In his Amended Complaint, Fromer asserted three causes of action against the defendants, all stemming from the Town Council's decision to remove him from his public office as an unpaid, volunteer Commissioner on the Town of Windsor's Inland Wetlands and Watercourses Commission ("the IWWC"). First, he alleged that the defendants violated Connecticut law as established by the Connecticut Supreme Court in Obeda v. Board of Selectmen, 180 Conn. 521 (1980), by failing to provide sufficient cause for his removal. Second, he alleged that his dismissal was an unconstitutional act of retaliation in violation of his right to free speech under both the federal and Connecticut constitutions. Finally, Fromer alleged that his removal violated due process under both the federal and Connecticut constitutions.*fn2

Fromer initially filed a motion for a preliminary injunction and a writ of mandamus. At oral argument before the District Court, however, the parties agreed that there were no issues of material fact in dispute, and therefore Fromer made an oral motion for summary judgment. The District Court denied both Fromer's motions for a preliminary injunction and for a writ of mandamus as well as his motion for summary judgment. In light of its ruling on Fromer's motion for summary judgment, and the parties' mutual concession that no facts were in dispute, the District Court entered summary judgment in favor of the defendants. We assume the parties' familiarity with the remaining facts and procedural issues of the case, as well as the issues on appeal.

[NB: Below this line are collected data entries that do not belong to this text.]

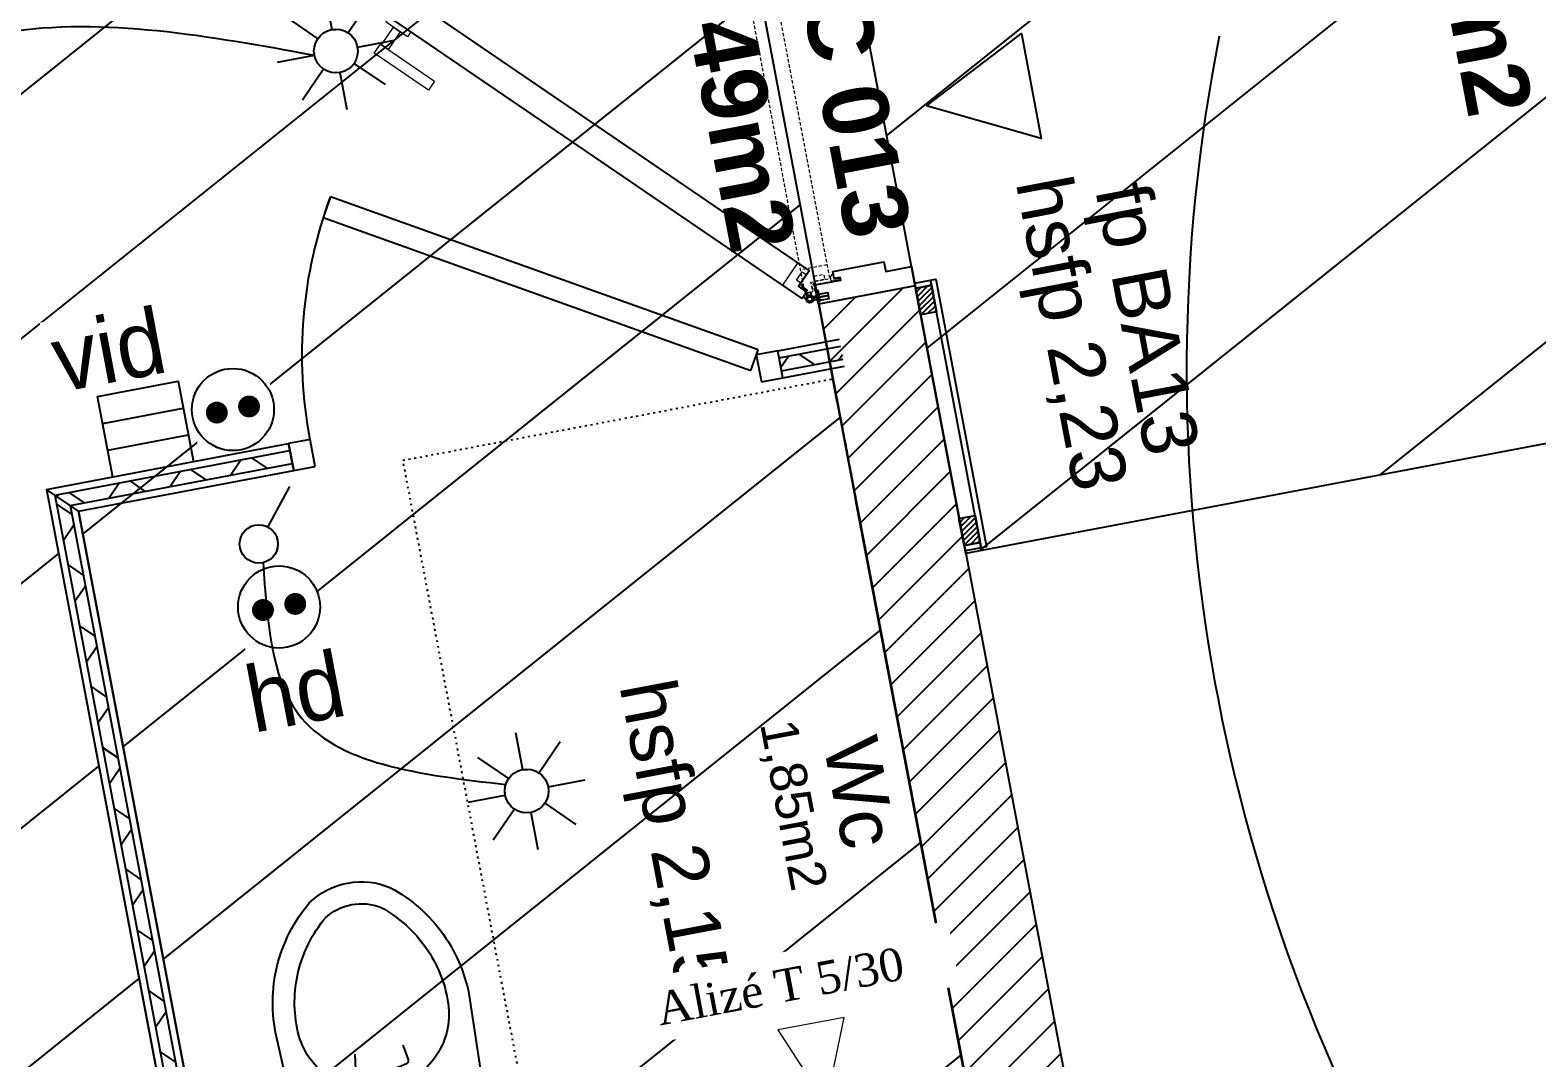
# Model space of a CAD drawing. Header units: centimetres. Extents: x 197412 to 267601, y -375791 to -305433.
# Drawn here: x 218161 to 220914, y -354099 to -352221 of the extents above; entities that cross this region are included whole.
import ezdxf

# ---------------------------------------------------------------- set-up
doc = ezdxf.new("R2010")
doc.units = ezdxf.units.CM
doc.linetypes.add('Style de ligne -16', pattern=[0.192476, 0.123031, -0.069444])
doc.linetypes.add('Style de ligne -5', pattern=[0.20828, 0.069425, -0.138855])
doc.layers.add('3-BAT C-Niveau 0', color=250, linetype='Continuous')
doc.layers.add('prlm-VMC', color=62, linetype='Continuous')
for name, color, linetype, lineweight in [('FAUX PLAFOND', 9, 'Continuous', 25), ('prlm-ELEC-CFA', 1, 'Continuous', 25), ('prlm-ELEC-CFO', 1, 'Continuous', 25)]:
    doc.layers.add(name, color=color, linetype=linetype, lineweight=lineweight)
doc.styles.add('Geneva (bold)', font='arialbd.ttf')
doc.styles.add('Helvetica', font='arial.ttf')
doc.styles.add('prlm-elec-cfa', font='comic.ttf', dxfattribs={"height": 12})
doc.styles.add('prlm-elec-cfo', font='comic.ttf', dxfattribs={"height": 12})
doc.styles.add('prlm-vmc', font='pala.ttf', dxfattribs={"height": 14})
pattern_1 = [(218.65981, (82441.66, 127994.64), (-199.24783, 287.75041), [])]
pattern_2 = [(45, (0, 0), (0, -1), [])]

# ---------------------------------------------------------------- blocks, each defined once
blk = doc.blocks.new('Groupe-451-1')
at = {"linetype": 'Continuous'}
h = blk.add_hatch(dxfattribs=at)
h.set_pattern_fill('BOIS 45', color=256, style=0, pattern_type=2)
h.set_pattern_definition(pattern_2)
h.paths.add_polyline_path([(13734.61, -48073.62), (13733.68, -48068.71), (13736.63, -48068.15), (13737.56, -48073.06)])
h = blk.add_hatch(dxfattribs=at)
h.set_pattern_fill('BOIS 45', color=256, style=0, pattern_type=2)
h.set_pattern_definition(pattern_2)
h.paths.add_polyline_path([(13742.59, -48115.73), (13741.65, -48110.82), (13744.6, -48110.26), (13745.53, -48115.17)])
at = {"linetype": 'Continuous', "flags": 128}
for points in [[(13733.75, -48068.8), (13733.57, -48067.81), (13736.46, -48067.27), (13736.65, -48068.25)], [(13746.7, -48115.97), (13745.72, -48116.16), (13736.46, -48067.27), (13737.44, -48067.08)], [(13734.61, -48073.62), (13733.68, -48068.71), (13736.63, -48068.15), (13737.56, -48073.06)], [(13742.59, -48115.73), (13741.65, -48110.82), (13744.6, -48110.26), (13745.53, -48115.17)], [(13742.83, -48116.7), (13742.64, -48115.72), (13745.53, -48115.17), (13745.72, -48116.16)]]:
    blk.add_lwpolyline(points, close=True, dxfattribs=at)
blk = doc.blocks.new('xi.PCHD')
at = {"color": 0, "lineweight": 5}
blk.add_wipeout([(-7.5, -7.5), (7.5, -7.5), (7.5, 7.5), (-7.5, 7.5)], dxfattribs=at).dxf.layer = 'prlm-ELEC-CFO'
at = {"layer": 'prlm-ELEC-CFO', "color": 0, "linetype": 'ByBlock', "lineweight": 5, "const_width": 2}
for points in [[(-4, 0, 1), (-2, 0, 1)], [(2, 0, 1), (4, 0, 1)]]:
    blk.add_lwpolyline(points, format="xyb", close=True, dxfattribs=at)
at = {"layer": 'prlm-ELEC-CFO', "color": 0, "linetype": 'ByBlock', "lineweight": -2}
blk.add_circle((0, 0), 7.5, dxfattribs=at)
blk = doc.blocks.new('xi.SA')
at = {"layer": 'prlm-ELEC-CFO', "color": 0}
blk.add_lwpolyline([(0.2, -1.28), (5.5, 5.28)], dxfattribs=at)
blk.add_circle((-2, -4), 3.5, dxfattribs=at)
blk = doc.blocks.new('xi.SPOT')
at = {"color": 0, "lineweight": 5}
blk.add_wipeout([(-4, 0), (-2.83, -2.83), (0, -4), (2.83, -2.83), (4, 0), (2.83, 2.83), (0, 4), (-2.83, 2.83)], dxfattribs=at).dxf.layer = 'prlm-ELEC-CFO'
at = {"layer": 'prlm-ELEC-CFO', "color": 0, "linetype": 'ByBlock', "lineweight": -2, "flags": 128}
for points in [[(0, 10.88), (0, 4)], [(-7.69, 7.69), (-2.83, 2.83)], [(7.69, 7.69), (2.83, 2.83)], [(-10.88, 0), (-4, 0)], [(4, 0), (10.88, 0)], [(-2.83, -2.83), (-7.69, -7.69)], [(0, -4), (0, -10.88)], [(2.83, -2.83), (7.69, -7.69)]]:
    blk.add_lwpolyline(points, dxfattribs=at)
at = {"layer": 'prlm-ELEC-CFO', "color": 0, "linetype": 'ByBlock', "lineweight": -2}
blk.add_circle((0, 0), 4, dxfattribs=at)
blk = doc.blocks.new('xi.PC')
at = {"color": 0, "lineweight": 5}
blk.add_wipeout([(-7.5, -7.5), (7.5, -7.5), (7.5, 7.5), (-7.5, 7.5)], dxfattribs=at).dxf.layer = 'prlm-ELEC-CFO'
at = {"layer": 'prlm-ELEC-CFO', "color": 0, "linetype": 'ByBlock', "lineweight": 5, "const_width": 2}
for points in [[(-4, 0, 1), (-2, 0, 1)], [(2, 0, 1), (4, 0, 1)]]:
    blk.add_lwpolyline(points, format="xyb", close=True, dxfattribs=at)
at = {"layer": 'prlm-ELEC-CFO', "color": 0, "linetype": 'ByBlock', "lineweight": -2}
blk.add_circle((0, 0), 7.5, dxfattribs=at)
blk = doc.blocks.new('xi.be')
at = {"layer": 'prlm-VMC', "color": 0, "linetype": 'ByBlock', "lineweight": 5, "flags": 128}
blk.add_lwpolyline([(-6.17, -15), (6.17, -15), (0, 0)], close=True, dxfattribs=at)
at = {"layer": 'prlm-VMC', "color": 0, "linetype": 'ByBlock', "lineweight": 5}
blk.add_solid([(0, -1), (5.17, -14), (-5.17, -14), (0, -1)], dxfattribs=at)
blk = doc.blocks.new('xi.VID')
at = {"layer": 'prlm-ELEC-CFA', "color": 0, "linetype": 'ByBlock', "lineweight": -2, "flags": 128}
blk.add_lwpolyline([(-7.5, 7.5), (7.5, 7.5), (7.5, -7.5), (-7.5, -7.5)], close=True, dxfattribs=at)
at = {"layer": 'prlm-ELEC-CFA', "color": 0}
for points in [[(-7.5, 2.5), (7.5, 2.5)], [(-7.5, -2.5), (7.5, -2.5)]]:
    blk.add_lwpolyline(points, dxfattribs=at)
blk = doc.blocks.new('Groupe-196-1')
at = {"linetype": 'Continuous', "flags": 128}
for points in [[(13656.87, -48229.31), (13623.75, -48235.57), (13616.91, -48205.49, -0.116334), (13617.04, -48192.56, -0.116144), (13622.92, -48181.05, -0.147727), (13629.92, -48177.41, -0.147725), (13637.74, -48178.25), (13637.75, -48178.25, -0.11673), (13647.43, -48186.81, -0.115952), (13652.28, -48198.8)], [(13636.97, -48214.71), (13636.95, -48214.71, -0.197992), (13626.8, -48212.99, -0.198081), (13620.82, -48204.59, -0.114919), (13620.91, -48193.61), (13620.91, -48193.6, -0.115526), (13625.85, -48183.79, -0.142778), (13630.66, -48181.34, -0.142778), (13636.03, -48181.86, -0.114832), (13644.21, -48189.19), (13644.22, -48189.2, -0.115368), (13648.3, -48199.4, -0.198081), (13645.79, -48209.4, -0.198023), (13636.97, -48214.71)]]:
    blk.add_lwpolyline(points, format="xyb", close=True, dxfattribs=at)
for points in [[(13631.25, -48208.68), (13631.33, -48211.5, 0.192032), (13631.48, -48211.83), (13631.48, -48211.83), (13631.48, -48211.83, 0.187463), (13631.79, -48211.98, 0.069687), (13636.4, -48211.77), (13636.41, -48211.76, 0.069688), (13640.78, -48210.29, 0.17618), (13641.03, -48210.03), (13641.03, -48210.03, 0.18073), (13641.03, -48209.67), (13641.03, -48209.67), (13640.09, -48207.01)], [(13655.7, -48221.46), (13655.7, -48221.47, -0.193855), (13655.35, -48222.92), (13655.34, -48222.93, -0.192143), (13654.09, -48223.73), (13624.32, -48229.35), (13624.31, -48229.36, -0.194357), (13622.85, -48229.06, -0.193855), (13621.99, -48227.83), (13621.99, -48227.83)]]:
    blk.add_lwpolyline(points, format="xyb", dxfattribs=at)

msp = doc.modelspace()

# ---------------------------------------------------------------- hatches: boundary and pattern name
at = {"linetype": 'Continuous'}
h = msp.add_hatch(dxfattribs=at)
h.set_pattern_fill('02_ISOLANT', color=256, scale=10, angle=10.7236, style=0, pattern_type=2)
h.set_pattern_definition([(55.723595, (82441.66, 127994.64), (-66.106423, 45.054865), []), (145.723595, (82441.66, 127994.64), (45.054865, 66.106423), [])])
h.paths.add_polyline_path([(219529.5, -352820), (219534, -352843.6), (219646.7, -352822.2), (219642.2, -352798.7)])
h = msp.add_hatch(dxfattribs=at)
h.set_pattern_fill('02_ISOLANT', color=256, scale=10, angle=10.7236, style=0, pattern_type=2)
h.set_pattern_definition([(55.723595, (82441.66, 127994.64), (-66.106423, 45.054865), []), (145.723595, (82441.66, 127994.64), (45.054865, 66.106423), [])])
h.paths.add_polyline_path([(218205.9, -353070.7), (218234, -353089.8), (218639.9, -353012.9), (218635.4, -352989.3)])
h = msp.add_hatch(dxfattribs=at)
h.set_pattern_fill('02_ISOLANT', color=256, scale=10, angle=-79.2809, style=0, pattern_type=2)
h.set_pattern_definition([(325.719065, (82441.66, 127994.64), (45.060091, 66.102861), []), (55.719065, (82441.66, 127994.64), (66.102861, -45.060091), [])])
h.paths.add_polyline_path([(218234, -353089.8), (218205.9, -353070.7), (218540.3, -354837.1), (218557.6, -354799.6)])
at = {"layer": '3-BAT C-Niveau 0'}
h = msp.add_hatch(dxfattribs=at)
h.set_pattern_fill('MURS MACONNERIE-2', color=256, scale=10, style=0, pattern_type=2)
h.set_pattern_definition([(45, (82627.55, 127994.637), (-31.2347524, 39.0434405), [])])
h.paths.add_polyline_path([(221205.2, -361188.2), (221382.1, -361154.7), (219778.8, -352688.3), (219601.9, -352721.8)])
at = {"layer": 'FAUX PLAFOND'}
h = msp.add_hatch(dxfattribs=at)
h.set_pattern_fill('BA 13', color=256, scale=10, style=0, pattern_type=2)
h.set_pattern_definition(pattern_1)
h.paths.add_polyline_path([(219355.7, -351422.9), (219870, -354135.6), (218494.5, -354396.1), (218249.2, -353100.1), (218190.7, -353060.3), (218607.6, -355262.2), (217505.6, -355470.9), (217468.4, -355274.4), (216807.6, -355399.5), (216621.7, -354418), (217282.5, -354292.9), (216829.5, -351900.6), (216829.4, -351900.3)])
h = msp.add_hatch(dxfattribs=at)
h.set_pattern_fill('BA 13', color=256, scale=10, style=0, pattern_type=2)
h.set_pattern_definition(pattern_1)
h.paths.add_polyline_path([(220809.9, -351469.9), (221089.6, -352946.5), (219870.9, -353177.3), (219591.2, -351700.7)])

# ---------------------------------------------------------------- linework, layer by layer
at = {"linetype": 'Continuous'}
for p, q in [((218709.6, -352525.9), (218696.2, -352563.5)), ((219491.2, -352805.2), (218709.6, -352525.9)), ((218696.2, -352563.5), (219477.7, -352842.9)), ((219602.8, -352709.4), (219594.1, -352711.1)), ((219527.1, -352807.2), (219639.8, -352785.9)), ((219477.7, -352842.9), (219491.2, -352805.2)), ((219527.1, -352807.2), (219487.8, -352814.7)), ((219487.8, -352814.7), (219497.1, -352863.8)), ((219536.4, -352856.4), (219527.1, -352807.2)), ((219529.5, -352820), (219642.2, -352798.7)), ((219529.5, -352820), (219642.2, -352798.7)), ((219534, -352843.6), (219646.7, -352822.2)), ((219534, -352843.6), (219646.7, -352822.2)), ((219497.1, -352863.8), (219536.4, -352856.4)), ((218190.7, -353060.3), (218633, -352976.6)), ((218205.9, -353070.7), (218635.4, -352989.3)), ((218205.9, -353070.7), (218635.4, -352989.3)), ((218672.3, -352969.1), (218633, -352976.5)), ((218633, -352976.5), (218642.3, -353025.7)), ((218681.6, -353018.2), (218672.3, -352969.1)), ((218234, -353089.8), (218639.9, -353012.9)), ((218234, -353089.8), (218639.9, -353012.9)), ((218642.3, -353025.7), (218681.6, -353018.2)), ((218205.9, -353070.7), (218540.3, -354837.1)), ((218205.9, -353070.7), (218540.3, -354837.1)), ((218234, -353089.8), (218557.6, -354799.6)), ((218234, -353089.8), (218557.6, -354799.6)), ((218249.2, -353100.1), (218567, -354779.3))]:
    msp.add_line(p, q, dxfattribs=at)
at = {"linetype": 'Continuous', "lineweight": 18}
msp.add_line((219563.7, -352645.9), (219535.6, -352687.2), dxfattribs=at)
at = {"linetype": 'Style de ligne -16', "lineweight": 18, "ltscale": 50.8}
msp.add_line((219617.4, -352650), (219568.3, -352659.3), dxfattribs=at)
at = {"linetype": 'Continuous', "lineweight": 25}
for p, q in [((219527.1, -352807.2), (219639.8, -352785.9)), ((219536.4, -352856.4), (219527.1, -352807.2)), ((219536.4, -352856.4), (219649.1, -352835)), ((218190.7, -353060.3), (218633, -352976.6)), ((218642.3, -353025.7), (218633, -352976.6)), ((218249.2, -353100.1), (218642.3, -353025.7)), ((218190.7, -353060.3), (218530.9, -354857.4)), ((218249.2, -353100.1), (218567, -354779.3))]:
    msp.add_line(p, q, dxfattribs=at)
at = {"linetype": 'Style de ligne -16', "lineweight": 18, "ltscale": 50.8, "flags": 128}
for points in [[(219576.3, -352701.7), (219591, -352698.9), (219587.7, -352681.5), (219622.1, -352674.9), (219450.8, -351770.3), (219416.4, -351776.9), (219413.1, -351759.4), (219398.4, -351762.2)], [(219594.4, -352680.2), (219592.7, -352670.9), (219611, -352667.5), (219612.7, -352676.7)]]:
    msp.add_lwpolyline(points, close=True, dxfattribs=at)
at = {"linetype": 'Continuous', "flags": 128}
for points in [[(219571.3, -352711.5), (219579.7, -352699.1), (219565, -352689.1), (219584.7, -352660.2), (218823.9, -352141.7), (218804.2, -352170.6), (218789.5, -352160.6), (218781.1, -352173)], [(219778.3, -352688.4), (219601.4, -352721.9), (219594.8, -352686.9), (219642, -352678), (219641.1, -352673.1), (219630.2, -352675.1), (219627.8, -352662.3), (219721.1, -352644.7), (219724.5, -352662.3), (219771.6, -352653.4)], [(219600.5, -352717.1), (219596.7, -352697.3), (219600.4, -352696.6), (219604.1, -352716.4)], [(219602.8, -352709.4), (219601.7, -352703.8), (219618.3, -352700.7), (219619.4, -352706.3)], [(219603.9, -352715), (219602.8, -352709.4), (219619.4, -352706.3), (219620.5, -352711.9)]]:
    msp.add_lwpolyline(points, close=True, dxfattribs=at)
at = {"linetype": 'Continuous', "lineweight": 18, "flags": 128}
for points in [[(218802.7, -352248.2), (218824.8, -352215.9), (218837.2, -352224.3), (218815.1, -352256.7)], [(218811.6, -352206.9), (218817.7, -352197.9), (218856.5, -352224.4), (218850.4, -352233.4)], [(218789.4, -352263.4), (218800.7, -352246.8), (218899.8, -352314.4), (218888.6, -352331)], [(219568.9, -352683.4), (219561.1, -352678.2), (219571.6, -352662.8), (219579.3, -352668.1)], [(219640.9, -352677.4), (219626.2, -352680.2), (219624.5, -352679.1), (219623.3, -352672.4), (219626.6, -352667.5), (219627.8, -352667.2), (219629.5, -352676.3), (219640.3, -352674.2)]]:
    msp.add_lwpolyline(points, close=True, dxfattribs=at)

We review orders granting summary judgment de novo and focus on whether the district court properly concluded that there was no genuine issue as to any material fact and the moving party was entitled to judgment as a matter of law. See Miller v. Wolpoff & Abramson, L.L.P., 321 F.3d 292, 300 (2d Cir. 2003). In determining whether there are genuine issues of material fact, we are "'required to resolve all ambiguities and draw all permissible factual inferences in favor of the party against whom summary judgment is sought.'" Terry v. Ashcroft, 336 F.3d 128, 137 (2d Cir. 2003) (quoting Stern v. Trs. of Columbia Univ., 131 F.3d 305, 312 (2d Cir. 1997)). Summary judgment is appropriate "[w]here the record taken as a whole could not lead a rational trier of fact to find for the non-moving party." Matsushita Elec. Indus. Co. v. Zenith Radio Corp., 475 U.S. 574, 587 (1986).

Following a de novo review of the record, we affirm for substantially the same reasons stated by the District Court in its Ruling of April 15, 2011. See Fromer v. Town of Windsor, No. 10-cv-1780- JCH (D. Conn. Apr. 15, 2011).

CONCLUSION

We have considered all of Fromer's arguments and find them to be without merit. Accordingly, we AFFIRM the judgment of the District Court in all respects.